Records from a dataset:
__________

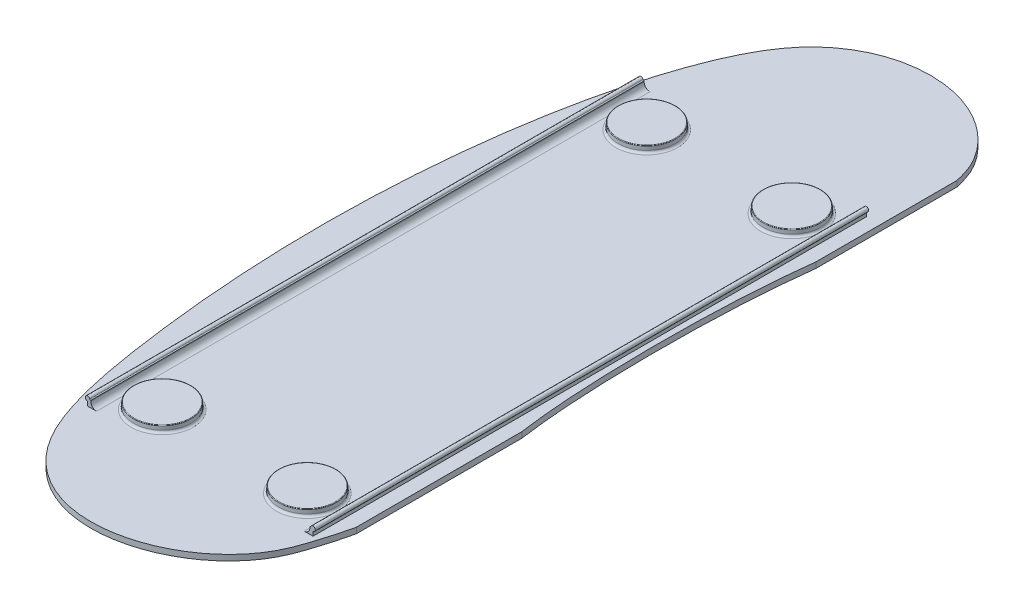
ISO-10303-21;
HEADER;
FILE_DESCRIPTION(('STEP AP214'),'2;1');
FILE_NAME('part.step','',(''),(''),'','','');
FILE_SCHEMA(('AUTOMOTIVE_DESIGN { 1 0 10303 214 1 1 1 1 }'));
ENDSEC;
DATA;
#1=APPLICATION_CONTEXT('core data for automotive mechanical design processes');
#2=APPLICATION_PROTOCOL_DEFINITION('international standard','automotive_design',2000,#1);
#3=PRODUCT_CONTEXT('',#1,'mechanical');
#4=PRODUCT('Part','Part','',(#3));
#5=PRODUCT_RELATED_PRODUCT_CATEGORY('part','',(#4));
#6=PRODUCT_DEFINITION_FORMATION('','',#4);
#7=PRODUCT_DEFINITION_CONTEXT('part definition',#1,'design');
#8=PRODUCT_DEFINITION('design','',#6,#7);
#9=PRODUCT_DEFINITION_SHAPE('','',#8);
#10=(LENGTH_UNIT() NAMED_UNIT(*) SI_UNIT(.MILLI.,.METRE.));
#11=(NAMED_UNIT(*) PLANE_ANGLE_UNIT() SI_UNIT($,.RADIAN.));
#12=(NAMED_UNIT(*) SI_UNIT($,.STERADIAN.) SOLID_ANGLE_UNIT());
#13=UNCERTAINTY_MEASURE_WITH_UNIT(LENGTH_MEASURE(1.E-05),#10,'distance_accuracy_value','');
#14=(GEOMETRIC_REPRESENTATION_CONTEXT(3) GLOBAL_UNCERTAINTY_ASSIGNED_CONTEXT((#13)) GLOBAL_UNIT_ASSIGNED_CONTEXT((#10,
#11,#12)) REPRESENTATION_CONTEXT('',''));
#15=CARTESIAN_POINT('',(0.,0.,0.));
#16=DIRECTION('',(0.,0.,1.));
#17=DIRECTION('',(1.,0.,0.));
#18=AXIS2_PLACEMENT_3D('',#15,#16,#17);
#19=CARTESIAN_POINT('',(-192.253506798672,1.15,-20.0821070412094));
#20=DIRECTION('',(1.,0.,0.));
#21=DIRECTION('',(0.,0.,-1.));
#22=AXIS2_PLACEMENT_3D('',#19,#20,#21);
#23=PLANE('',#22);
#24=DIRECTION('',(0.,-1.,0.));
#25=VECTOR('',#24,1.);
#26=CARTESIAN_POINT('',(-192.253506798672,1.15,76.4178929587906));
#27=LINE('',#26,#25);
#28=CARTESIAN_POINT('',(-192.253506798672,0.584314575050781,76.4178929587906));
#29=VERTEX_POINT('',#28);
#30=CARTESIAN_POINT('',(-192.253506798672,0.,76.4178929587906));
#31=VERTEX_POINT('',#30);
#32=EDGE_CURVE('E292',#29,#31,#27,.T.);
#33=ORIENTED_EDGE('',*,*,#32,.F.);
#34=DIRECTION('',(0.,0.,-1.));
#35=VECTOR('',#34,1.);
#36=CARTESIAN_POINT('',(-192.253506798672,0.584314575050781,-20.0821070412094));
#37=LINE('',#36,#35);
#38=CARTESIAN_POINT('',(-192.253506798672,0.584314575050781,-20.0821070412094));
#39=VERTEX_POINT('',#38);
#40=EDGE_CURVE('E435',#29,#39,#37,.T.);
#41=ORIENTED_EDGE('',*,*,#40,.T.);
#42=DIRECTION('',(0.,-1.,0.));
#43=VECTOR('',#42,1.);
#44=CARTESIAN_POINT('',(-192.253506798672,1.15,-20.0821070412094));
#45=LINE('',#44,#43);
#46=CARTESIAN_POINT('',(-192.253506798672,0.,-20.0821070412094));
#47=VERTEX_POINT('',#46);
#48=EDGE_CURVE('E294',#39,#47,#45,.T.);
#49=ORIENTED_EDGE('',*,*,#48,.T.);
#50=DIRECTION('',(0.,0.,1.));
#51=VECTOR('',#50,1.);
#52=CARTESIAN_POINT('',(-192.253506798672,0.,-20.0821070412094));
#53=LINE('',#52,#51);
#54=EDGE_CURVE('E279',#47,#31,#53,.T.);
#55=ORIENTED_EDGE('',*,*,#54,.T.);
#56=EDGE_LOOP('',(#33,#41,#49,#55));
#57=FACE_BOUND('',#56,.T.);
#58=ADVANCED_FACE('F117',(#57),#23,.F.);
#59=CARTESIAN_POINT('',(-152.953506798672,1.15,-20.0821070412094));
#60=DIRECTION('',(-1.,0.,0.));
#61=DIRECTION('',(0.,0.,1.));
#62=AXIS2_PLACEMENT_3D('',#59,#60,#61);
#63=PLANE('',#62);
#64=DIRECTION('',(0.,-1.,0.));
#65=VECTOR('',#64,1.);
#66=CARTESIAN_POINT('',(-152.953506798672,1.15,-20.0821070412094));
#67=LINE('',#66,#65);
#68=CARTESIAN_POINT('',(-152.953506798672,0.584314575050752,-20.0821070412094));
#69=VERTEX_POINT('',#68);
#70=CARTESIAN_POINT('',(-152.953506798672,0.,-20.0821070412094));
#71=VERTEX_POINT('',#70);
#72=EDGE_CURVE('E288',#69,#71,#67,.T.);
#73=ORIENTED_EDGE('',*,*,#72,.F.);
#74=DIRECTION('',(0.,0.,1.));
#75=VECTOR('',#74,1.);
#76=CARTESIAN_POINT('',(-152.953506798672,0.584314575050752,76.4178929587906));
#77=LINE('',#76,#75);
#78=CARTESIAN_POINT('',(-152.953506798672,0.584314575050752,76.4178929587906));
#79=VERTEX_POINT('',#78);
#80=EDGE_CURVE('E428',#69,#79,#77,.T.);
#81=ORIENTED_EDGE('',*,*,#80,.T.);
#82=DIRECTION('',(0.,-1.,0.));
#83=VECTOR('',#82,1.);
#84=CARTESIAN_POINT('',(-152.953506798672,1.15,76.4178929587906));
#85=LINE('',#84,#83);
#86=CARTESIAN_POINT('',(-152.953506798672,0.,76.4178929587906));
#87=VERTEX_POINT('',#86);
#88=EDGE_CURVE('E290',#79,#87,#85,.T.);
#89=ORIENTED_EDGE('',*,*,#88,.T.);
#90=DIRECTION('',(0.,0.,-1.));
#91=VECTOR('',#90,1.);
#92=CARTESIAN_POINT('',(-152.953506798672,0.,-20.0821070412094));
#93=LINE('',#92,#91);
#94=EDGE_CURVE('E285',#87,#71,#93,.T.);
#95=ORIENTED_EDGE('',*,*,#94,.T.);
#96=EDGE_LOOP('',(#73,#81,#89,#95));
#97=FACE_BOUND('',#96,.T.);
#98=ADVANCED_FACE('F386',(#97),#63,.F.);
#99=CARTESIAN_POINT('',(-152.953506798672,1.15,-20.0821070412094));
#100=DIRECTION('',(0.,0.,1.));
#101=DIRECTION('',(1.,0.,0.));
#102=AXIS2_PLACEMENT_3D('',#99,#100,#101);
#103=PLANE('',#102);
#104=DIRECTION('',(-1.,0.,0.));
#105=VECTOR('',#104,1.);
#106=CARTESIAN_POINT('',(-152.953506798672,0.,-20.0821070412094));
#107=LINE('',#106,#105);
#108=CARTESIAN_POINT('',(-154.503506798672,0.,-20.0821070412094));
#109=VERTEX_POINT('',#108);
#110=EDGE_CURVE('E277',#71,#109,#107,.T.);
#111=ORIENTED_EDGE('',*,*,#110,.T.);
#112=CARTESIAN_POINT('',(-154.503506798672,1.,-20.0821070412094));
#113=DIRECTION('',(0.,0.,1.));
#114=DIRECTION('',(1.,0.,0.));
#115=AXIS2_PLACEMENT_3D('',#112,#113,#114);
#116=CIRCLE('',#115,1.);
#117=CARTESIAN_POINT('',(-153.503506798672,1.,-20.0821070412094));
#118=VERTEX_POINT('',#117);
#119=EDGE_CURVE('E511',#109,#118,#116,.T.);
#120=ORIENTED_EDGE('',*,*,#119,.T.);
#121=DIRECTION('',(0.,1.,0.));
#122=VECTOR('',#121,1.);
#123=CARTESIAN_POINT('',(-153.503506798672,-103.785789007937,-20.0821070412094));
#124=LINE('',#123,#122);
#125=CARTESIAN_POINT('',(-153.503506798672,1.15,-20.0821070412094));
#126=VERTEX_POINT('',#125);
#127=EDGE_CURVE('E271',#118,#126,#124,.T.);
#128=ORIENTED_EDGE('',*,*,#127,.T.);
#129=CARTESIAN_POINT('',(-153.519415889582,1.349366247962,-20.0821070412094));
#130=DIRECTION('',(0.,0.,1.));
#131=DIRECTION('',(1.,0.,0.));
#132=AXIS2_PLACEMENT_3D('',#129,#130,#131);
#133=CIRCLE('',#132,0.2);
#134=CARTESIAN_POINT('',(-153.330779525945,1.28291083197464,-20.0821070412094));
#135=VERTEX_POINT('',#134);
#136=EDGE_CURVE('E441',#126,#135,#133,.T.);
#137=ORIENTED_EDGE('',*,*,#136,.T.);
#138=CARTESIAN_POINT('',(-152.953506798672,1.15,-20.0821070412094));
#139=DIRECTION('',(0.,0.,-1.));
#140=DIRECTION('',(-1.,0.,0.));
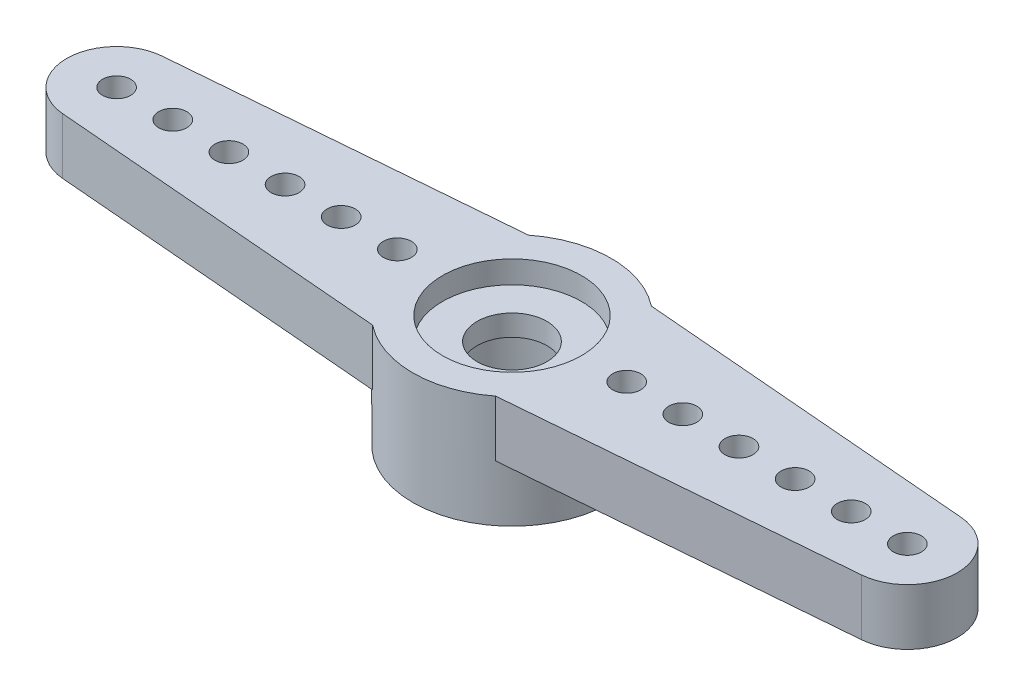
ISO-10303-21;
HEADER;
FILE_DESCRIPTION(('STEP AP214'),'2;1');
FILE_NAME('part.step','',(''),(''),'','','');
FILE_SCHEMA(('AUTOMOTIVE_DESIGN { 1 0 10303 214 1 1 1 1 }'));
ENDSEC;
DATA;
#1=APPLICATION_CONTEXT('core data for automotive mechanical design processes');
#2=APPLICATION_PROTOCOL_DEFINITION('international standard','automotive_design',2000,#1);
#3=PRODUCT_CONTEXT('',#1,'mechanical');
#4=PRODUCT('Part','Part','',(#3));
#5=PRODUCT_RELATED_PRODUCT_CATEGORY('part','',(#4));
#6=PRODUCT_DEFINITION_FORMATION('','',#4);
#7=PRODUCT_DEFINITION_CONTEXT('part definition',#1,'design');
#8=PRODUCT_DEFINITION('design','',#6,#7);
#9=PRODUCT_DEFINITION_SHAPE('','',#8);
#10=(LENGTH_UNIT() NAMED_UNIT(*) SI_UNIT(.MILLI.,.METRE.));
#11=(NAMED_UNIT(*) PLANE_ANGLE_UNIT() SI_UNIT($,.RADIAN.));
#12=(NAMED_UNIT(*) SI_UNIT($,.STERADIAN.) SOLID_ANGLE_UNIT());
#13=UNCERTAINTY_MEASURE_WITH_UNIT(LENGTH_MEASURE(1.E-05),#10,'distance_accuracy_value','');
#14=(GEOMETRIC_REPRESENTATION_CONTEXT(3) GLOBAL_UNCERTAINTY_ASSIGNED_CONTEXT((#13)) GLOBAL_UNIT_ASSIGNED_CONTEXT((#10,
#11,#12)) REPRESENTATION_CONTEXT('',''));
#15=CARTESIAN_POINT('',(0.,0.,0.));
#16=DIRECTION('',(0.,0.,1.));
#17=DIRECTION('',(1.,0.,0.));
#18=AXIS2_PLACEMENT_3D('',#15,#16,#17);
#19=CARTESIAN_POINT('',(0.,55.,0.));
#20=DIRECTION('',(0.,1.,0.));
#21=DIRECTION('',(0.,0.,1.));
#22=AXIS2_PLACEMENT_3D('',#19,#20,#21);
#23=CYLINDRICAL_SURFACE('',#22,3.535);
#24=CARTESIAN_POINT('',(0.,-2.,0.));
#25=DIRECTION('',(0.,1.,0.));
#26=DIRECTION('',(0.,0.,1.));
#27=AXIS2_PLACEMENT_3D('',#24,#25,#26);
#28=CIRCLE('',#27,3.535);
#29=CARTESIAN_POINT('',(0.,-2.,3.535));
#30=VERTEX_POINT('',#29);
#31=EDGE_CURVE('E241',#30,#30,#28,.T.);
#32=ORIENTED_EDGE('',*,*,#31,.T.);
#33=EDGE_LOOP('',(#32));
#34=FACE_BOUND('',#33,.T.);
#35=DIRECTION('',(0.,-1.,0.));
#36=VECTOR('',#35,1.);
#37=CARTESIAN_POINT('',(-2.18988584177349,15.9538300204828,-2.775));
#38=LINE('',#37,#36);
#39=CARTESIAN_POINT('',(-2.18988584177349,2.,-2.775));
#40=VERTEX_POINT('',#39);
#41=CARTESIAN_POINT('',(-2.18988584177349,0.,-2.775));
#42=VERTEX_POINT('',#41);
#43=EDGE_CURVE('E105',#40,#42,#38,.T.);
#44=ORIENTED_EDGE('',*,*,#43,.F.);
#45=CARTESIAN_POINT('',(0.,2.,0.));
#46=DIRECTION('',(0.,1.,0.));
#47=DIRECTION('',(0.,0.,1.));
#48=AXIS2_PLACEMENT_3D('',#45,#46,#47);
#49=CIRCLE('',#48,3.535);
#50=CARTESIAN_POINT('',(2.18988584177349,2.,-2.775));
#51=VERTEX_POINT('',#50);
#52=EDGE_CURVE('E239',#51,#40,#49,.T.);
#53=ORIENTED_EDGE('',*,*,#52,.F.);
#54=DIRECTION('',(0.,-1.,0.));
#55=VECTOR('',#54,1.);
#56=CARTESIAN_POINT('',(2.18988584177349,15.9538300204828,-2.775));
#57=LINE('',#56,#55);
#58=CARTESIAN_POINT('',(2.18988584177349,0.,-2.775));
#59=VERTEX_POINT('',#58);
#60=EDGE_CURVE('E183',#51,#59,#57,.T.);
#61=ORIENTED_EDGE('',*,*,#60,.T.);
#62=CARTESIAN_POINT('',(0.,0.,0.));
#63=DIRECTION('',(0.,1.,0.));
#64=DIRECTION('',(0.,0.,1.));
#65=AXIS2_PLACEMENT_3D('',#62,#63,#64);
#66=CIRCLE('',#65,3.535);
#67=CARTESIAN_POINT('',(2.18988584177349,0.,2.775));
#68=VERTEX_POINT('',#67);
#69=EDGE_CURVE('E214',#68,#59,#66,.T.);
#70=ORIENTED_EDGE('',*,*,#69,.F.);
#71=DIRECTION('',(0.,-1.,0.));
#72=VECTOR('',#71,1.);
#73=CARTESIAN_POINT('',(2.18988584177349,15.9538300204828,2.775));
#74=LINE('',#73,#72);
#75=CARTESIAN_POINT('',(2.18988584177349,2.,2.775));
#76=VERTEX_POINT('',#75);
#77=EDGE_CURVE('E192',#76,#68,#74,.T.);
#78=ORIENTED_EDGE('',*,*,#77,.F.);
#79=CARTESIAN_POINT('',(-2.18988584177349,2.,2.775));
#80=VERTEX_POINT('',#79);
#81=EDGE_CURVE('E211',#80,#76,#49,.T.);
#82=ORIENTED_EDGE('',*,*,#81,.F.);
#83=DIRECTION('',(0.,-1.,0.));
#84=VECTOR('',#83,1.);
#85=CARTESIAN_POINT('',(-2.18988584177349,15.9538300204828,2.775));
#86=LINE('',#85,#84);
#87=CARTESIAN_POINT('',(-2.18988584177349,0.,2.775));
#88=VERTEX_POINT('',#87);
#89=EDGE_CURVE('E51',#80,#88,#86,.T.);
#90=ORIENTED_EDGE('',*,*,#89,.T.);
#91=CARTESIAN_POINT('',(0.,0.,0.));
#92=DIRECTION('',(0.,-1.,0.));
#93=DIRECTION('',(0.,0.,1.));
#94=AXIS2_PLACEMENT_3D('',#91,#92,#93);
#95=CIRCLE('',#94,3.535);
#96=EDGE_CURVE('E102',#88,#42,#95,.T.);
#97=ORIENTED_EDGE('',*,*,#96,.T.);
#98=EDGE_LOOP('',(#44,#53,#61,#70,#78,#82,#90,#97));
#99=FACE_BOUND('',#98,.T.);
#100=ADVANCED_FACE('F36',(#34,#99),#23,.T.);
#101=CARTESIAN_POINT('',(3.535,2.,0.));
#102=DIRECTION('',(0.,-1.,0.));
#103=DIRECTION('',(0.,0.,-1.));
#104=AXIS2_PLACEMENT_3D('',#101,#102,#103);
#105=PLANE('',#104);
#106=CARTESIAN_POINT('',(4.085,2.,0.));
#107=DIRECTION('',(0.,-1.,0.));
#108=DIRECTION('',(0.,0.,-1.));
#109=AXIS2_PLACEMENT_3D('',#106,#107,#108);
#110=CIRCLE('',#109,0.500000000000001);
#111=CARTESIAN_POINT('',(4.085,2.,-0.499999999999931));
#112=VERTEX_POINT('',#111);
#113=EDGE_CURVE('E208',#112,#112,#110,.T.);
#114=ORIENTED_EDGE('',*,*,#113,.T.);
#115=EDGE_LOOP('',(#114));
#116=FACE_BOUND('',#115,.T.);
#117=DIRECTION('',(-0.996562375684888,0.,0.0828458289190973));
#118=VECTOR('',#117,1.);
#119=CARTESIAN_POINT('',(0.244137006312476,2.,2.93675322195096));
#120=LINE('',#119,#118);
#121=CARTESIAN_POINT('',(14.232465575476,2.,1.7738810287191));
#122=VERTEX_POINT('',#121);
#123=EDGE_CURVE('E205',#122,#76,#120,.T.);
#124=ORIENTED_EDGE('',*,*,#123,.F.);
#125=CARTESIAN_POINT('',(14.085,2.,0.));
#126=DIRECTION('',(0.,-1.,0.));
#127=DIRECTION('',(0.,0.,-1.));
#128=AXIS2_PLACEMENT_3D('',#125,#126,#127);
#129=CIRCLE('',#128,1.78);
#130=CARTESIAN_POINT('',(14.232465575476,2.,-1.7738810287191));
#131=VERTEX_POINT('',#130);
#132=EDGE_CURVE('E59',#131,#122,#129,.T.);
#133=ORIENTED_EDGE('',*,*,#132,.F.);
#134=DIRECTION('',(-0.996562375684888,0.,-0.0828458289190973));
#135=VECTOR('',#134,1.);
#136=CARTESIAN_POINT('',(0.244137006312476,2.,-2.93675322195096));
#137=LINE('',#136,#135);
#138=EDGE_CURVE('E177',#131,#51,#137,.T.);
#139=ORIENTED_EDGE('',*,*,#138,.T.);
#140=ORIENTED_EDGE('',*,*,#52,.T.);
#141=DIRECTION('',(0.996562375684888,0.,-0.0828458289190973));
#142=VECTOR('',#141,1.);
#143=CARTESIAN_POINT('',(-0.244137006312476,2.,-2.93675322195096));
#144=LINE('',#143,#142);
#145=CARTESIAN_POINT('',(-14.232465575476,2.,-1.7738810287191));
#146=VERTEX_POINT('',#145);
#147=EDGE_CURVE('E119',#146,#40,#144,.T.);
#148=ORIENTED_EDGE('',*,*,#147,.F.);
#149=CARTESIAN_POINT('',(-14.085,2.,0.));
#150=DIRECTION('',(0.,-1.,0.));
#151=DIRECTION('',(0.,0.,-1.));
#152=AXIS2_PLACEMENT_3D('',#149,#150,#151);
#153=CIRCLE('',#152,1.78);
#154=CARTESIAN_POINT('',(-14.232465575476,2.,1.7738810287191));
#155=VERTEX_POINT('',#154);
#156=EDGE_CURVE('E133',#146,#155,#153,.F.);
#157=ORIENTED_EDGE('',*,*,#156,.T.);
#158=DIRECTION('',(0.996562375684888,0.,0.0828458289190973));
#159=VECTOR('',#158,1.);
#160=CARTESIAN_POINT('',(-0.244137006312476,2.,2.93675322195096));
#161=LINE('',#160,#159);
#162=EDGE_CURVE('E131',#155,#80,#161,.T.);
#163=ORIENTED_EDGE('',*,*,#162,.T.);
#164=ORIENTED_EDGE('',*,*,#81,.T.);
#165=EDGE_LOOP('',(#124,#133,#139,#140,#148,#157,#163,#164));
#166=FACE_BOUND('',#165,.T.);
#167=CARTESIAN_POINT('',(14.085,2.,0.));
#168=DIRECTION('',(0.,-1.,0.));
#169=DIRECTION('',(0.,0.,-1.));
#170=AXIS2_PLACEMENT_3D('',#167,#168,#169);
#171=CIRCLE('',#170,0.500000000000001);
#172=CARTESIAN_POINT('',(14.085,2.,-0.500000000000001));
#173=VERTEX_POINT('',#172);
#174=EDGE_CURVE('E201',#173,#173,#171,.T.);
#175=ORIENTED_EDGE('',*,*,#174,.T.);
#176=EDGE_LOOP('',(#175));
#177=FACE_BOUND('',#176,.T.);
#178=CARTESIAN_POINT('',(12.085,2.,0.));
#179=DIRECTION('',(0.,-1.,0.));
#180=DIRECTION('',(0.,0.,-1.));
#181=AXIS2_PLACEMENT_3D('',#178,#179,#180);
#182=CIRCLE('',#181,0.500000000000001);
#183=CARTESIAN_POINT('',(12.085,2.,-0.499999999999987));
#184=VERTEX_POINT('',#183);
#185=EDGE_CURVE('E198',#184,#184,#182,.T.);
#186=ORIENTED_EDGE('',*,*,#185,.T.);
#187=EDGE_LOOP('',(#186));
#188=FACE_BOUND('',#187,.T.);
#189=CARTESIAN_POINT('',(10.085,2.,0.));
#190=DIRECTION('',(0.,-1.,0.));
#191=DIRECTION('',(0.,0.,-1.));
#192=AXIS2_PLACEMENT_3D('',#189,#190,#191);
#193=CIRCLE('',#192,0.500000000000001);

__________

WHAT IS NEEDED: Reprint exactly the lines above that start at the one with "#87=CARTESIAN_POINT('',(-2.18988584177349,0.,2.775));" and end at the one with "#97=ORIENTED_EDGE('',*,*,#96,.T.);", keeping both and adding none.

EXERCISE OUTPUT:
#87=CARTESIAN_POINT('',(-2.18988584177349,0.,2.775));
#88=VERTEX_POINT('',#87);
#89=EDGE_CURVE('E51',#80,#88,#86,.T.);
#90=ORIENTED_EDGE('',*,*,#89,.T.);
#91=CARTESIAN_POINT('',(0.,0.,0.));
#92=DIRECTION('',(0.,-1.,0.));
#93=DIRECTION('',(0.,0.,1.));
#94=AXIS2_PLACEMENT_3D('',#91,#92,#93);
#95=CIRCLE('',#94,3.535);
#96=EDGE_CURVE('E102',#88,#42,#95,.T.);
#97=ORIENTED_EDGE('',*,*,#96,.T.);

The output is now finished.